Überzeugte Neonazis kaum noch erreichbar
Hövelmann weiter: „Wer ein gefestigtes neonazistisches Weltbild hat, ist für moralische Appelle aus der Zivilgesellschaft kaum noch erreichbar. Die subkulturelle rechtsextreme Szene strahlt aber auch auf junge Menschen aus, deren Wertesystem und politische Auffassungen noch nicht gefestigt sind. Um diese jungen Menschen müssen wir kämpfen.“ Daher kündigte der Innenminister an, verstärkt auf Prävention zu setzen. Präventionsarbeit müsse aber „einhergehen mit einem permanenten Verfolgungsdruck gegenüber rechtsextremistischen Straftätern“, unterstrich der Innenminister.
Siehe auch: Brutalisierung als bundesweiter Trend, “Neonazis geraten außer Kontrolle”, Presseschau: Rechte Gewalt wird in Sachsen-Anhalt verharmlost, “Inländerfeindlichkeit”? Immer mehr Deutsche Opfer von Neonazis, Offizielle Zahlen: Mehr als 17.500 rechtsextreme Straftaten im Jahr 2007, Brutalisierung als bundesweiter Trend und “NPD als parlamentarischer Arm dieser Verbrecher”

Rechtsextreme Ideologien erlauben den betreffenden Personen, ihre Machtfantasien zu rationalisieren und ihre kindlichen und pupertären Emotionsdefizite auszuleben und damit ihre Gewalt als attraktiv erscheinen lassen. Wie man aus Berichten von Aussteigern erfahren hat, kann Gewalt durch ein rechtsradikales Umfeld gestützt werden, das dem Gewalttäter Aufmerksamkeit und Anerkennung schenkt.Sie geniesen den Kick und das Erlebnis ihrer exzessiven Taten. In der Gewalt wird die Macht ausgekostet. Man ergötzt sich an der Angst der anderen. Sie wird zum Beweis eigener Überlegenheit. Es sind so genannte Hassverbrechen, das heisst Gewaltakte, die gegen Personen als Vertreter von bestimmten Gruppen gerichtet sind – betroffen sind Minderheiten, sozial Schwache und politische Gegner. Mit ihren Gewaltakten signalisieren sie, wer hier die Macht und das Sagen hat und wer zu den “Untermenschen der Gesellschaft gehört.
@Charly:
“Pubertär” heißt das Wort, die “Pupe” ist ein Slangbegriff mit etwas anderer Bedeutung.

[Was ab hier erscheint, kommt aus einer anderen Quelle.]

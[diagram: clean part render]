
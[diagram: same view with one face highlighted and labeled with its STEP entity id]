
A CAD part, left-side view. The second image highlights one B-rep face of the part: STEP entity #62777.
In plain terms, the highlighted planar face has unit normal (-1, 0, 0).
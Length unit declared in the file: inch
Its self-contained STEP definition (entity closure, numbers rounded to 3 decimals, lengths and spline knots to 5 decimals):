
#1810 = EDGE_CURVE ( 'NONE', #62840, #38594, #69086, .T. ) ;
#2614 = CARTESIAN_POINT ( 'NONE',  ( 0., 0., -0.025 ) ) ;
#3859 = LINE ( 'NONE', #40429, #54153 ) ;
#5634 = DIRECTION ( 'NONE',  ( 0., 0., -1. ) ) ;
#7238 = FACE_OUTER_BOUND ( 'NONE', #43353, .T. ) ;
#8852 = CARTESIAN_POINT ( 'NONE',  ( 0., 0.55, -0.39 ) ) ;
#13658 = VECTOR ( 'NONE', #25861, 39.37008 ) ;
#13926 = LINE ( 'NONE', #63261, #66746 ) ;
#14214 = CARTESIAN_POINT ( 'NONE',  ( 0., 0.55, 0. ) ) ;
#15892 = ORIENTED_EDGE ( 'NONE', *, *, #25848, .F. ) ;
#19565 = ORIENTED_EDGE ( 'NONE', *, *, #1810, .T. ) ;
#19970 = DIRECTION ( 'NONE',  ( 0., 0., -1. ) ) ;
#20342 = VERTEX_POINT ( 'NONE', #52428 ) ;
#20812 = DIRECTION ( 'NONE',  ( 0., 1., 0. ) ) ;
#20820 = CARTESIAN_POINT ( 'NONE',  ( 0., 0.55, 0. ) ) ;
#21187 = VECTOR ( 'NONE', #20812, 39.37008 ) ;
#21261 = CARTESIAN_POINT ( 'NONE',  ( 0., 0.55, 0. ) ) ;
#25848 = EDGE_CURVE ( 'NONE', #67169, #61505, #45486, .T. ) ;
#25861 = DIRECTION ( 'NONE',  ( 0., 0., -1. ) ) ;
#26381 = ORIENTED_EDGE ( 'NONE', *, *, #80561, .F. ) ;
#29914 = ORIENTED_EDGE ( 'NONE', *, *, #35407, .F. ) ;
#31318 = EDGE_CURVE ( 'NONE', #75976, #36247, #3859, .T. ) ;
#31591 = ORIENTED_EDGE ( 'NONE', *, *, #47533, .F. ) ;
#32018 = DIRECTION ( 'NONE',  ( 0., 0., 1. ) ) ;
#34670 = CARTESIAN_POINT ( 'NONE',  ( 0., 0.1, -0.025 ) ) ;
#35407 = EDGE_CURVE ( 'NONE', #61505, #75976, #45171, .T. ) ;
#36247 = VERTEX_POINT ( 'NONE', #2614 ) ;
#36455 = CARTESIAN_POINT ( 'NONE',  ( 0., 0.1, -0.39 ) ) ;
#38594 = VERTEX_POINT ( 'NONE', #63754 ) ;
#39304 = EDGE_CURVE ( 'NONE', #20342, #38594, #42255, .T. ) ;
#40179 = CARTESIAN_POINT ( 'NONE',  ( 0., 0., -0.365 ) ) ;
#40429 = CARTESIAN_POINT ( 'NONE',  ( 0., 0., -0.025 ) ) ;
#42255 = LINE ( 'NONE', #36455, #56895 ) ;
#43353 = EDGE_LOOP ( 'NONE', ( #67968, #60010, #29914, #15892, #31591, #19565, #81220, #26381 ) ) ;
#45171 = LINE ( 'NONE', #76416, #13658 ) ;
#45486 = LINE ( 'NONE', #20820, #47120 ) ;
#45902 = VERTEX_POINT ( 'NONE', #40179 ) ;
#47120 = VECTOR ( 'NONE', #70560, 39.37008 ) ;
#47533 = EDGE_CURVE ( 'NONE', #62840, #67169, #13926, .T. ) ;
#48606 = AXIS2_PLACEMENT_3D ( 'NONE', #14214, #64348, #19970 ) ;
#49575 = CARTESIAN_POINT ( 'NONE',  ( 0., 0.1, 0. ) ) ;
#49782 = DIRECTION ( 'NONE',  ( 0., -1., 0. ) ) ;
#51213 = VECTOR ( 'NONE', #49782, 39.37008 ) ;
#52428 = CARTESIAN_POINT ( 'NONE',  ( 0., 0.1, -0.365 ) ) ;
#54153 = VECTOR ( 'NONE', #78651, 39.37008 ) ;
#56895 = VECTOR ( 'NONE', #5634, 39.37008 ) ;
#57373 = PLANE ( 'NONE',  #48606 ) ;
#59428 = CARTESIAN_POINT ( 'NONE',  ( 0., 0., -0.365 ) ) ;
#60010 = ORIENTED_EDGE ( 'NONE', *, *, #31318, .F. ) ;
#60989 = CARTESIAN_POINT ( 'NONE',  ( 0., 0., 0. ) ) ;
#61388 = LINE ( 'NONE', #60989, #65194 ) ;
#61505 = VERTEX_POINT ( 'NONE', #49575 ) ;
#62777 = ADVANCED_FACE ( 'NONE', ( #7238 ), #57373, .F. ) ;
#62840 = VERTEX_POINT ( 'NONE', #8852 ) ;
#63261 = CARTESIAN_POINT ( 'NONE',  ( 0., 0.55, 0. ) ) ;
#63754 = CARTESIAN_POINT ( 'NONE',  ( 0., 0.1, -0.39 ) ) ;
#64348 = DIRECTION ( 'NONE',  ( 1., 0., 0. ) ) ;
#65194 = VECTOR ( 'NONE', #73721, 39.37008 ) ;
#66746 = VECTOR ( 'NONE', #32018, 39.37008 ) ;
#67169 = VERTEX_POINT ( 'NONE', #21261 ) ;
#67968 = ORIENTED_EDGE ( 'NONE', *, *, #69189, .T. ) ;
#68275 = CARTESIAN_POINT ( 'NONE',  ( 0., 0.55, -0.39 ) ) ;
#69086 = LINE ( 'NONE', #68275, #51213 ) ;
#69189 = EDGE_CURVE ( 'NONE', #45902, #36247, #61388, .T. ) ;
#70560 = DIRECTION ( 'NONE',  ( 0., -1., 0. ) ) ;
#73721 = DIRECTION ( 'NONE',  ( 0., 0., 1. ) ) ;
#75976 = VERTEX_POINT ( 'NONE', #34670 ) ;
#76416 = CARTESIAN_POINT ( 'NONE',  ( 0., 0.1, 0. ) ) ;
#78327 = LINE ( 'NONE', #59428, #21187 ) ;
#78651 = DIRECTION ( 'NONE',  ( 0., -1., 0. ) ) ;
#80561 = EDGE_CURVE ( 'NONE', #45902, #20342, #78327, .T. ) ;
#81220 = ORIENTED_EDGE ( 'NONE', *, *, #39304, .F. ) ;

Man sollte aber nicht vergessen, daß es nicht nur körperliche Gewalt gibt. Körperliche Gewalt ist vielleicht sogar das geringere Problem, weil sie leicht erkannt wird und deshalb effektiv bekämpft werden kann.
Hetze gegen Andersdenkende, indem man z. B. öffentlich körperliche Gewalt und rechte Ideologie in einen Topf wirft, ist eine wesentlich gefährlichere Form der Gewaltausübung. Offenbar ist es fast unmöglich, solche Gewalttäter zu stoppen …
“Hetze gegen Andersdenkende, indem man z. B. öffentlich körperliche Gewalt und rechte Ideologie in einen Topf wirft, ist eine wesentlich gefährlichere Form der Gewaltausübung.”
Ist doch schön, wie manch einer sich seine Realität zurechtbiegen kann.
Ohne Worte…
Merke: Tippfehler unterscheiden sich von Rechtschreibfehler ! Somit hätte nur der ein Rechtschreibproblem ,der immer wieder “pupertär” statt “pubertär” schreiben würde.
Im weiteren sei Ihnen “Steve” gesagt, dass es hier nicht um “Hetze gegen Andersdenkende” geht, sondern um die menschenverachtende HASS-Ideologie mit denen ihr Rechtsradikalen Antisemitismus und Fremdenhass in euren Schriften und auf CDs ständig propagiert und somit direkt nicht nur zur Gewaltausübung sondern auch zum Mord anstiftet. “Solche Gewalttäter” wären sehr wohl zu stoppen wenn man dem braunen Spuk ein Ende setzen könnte.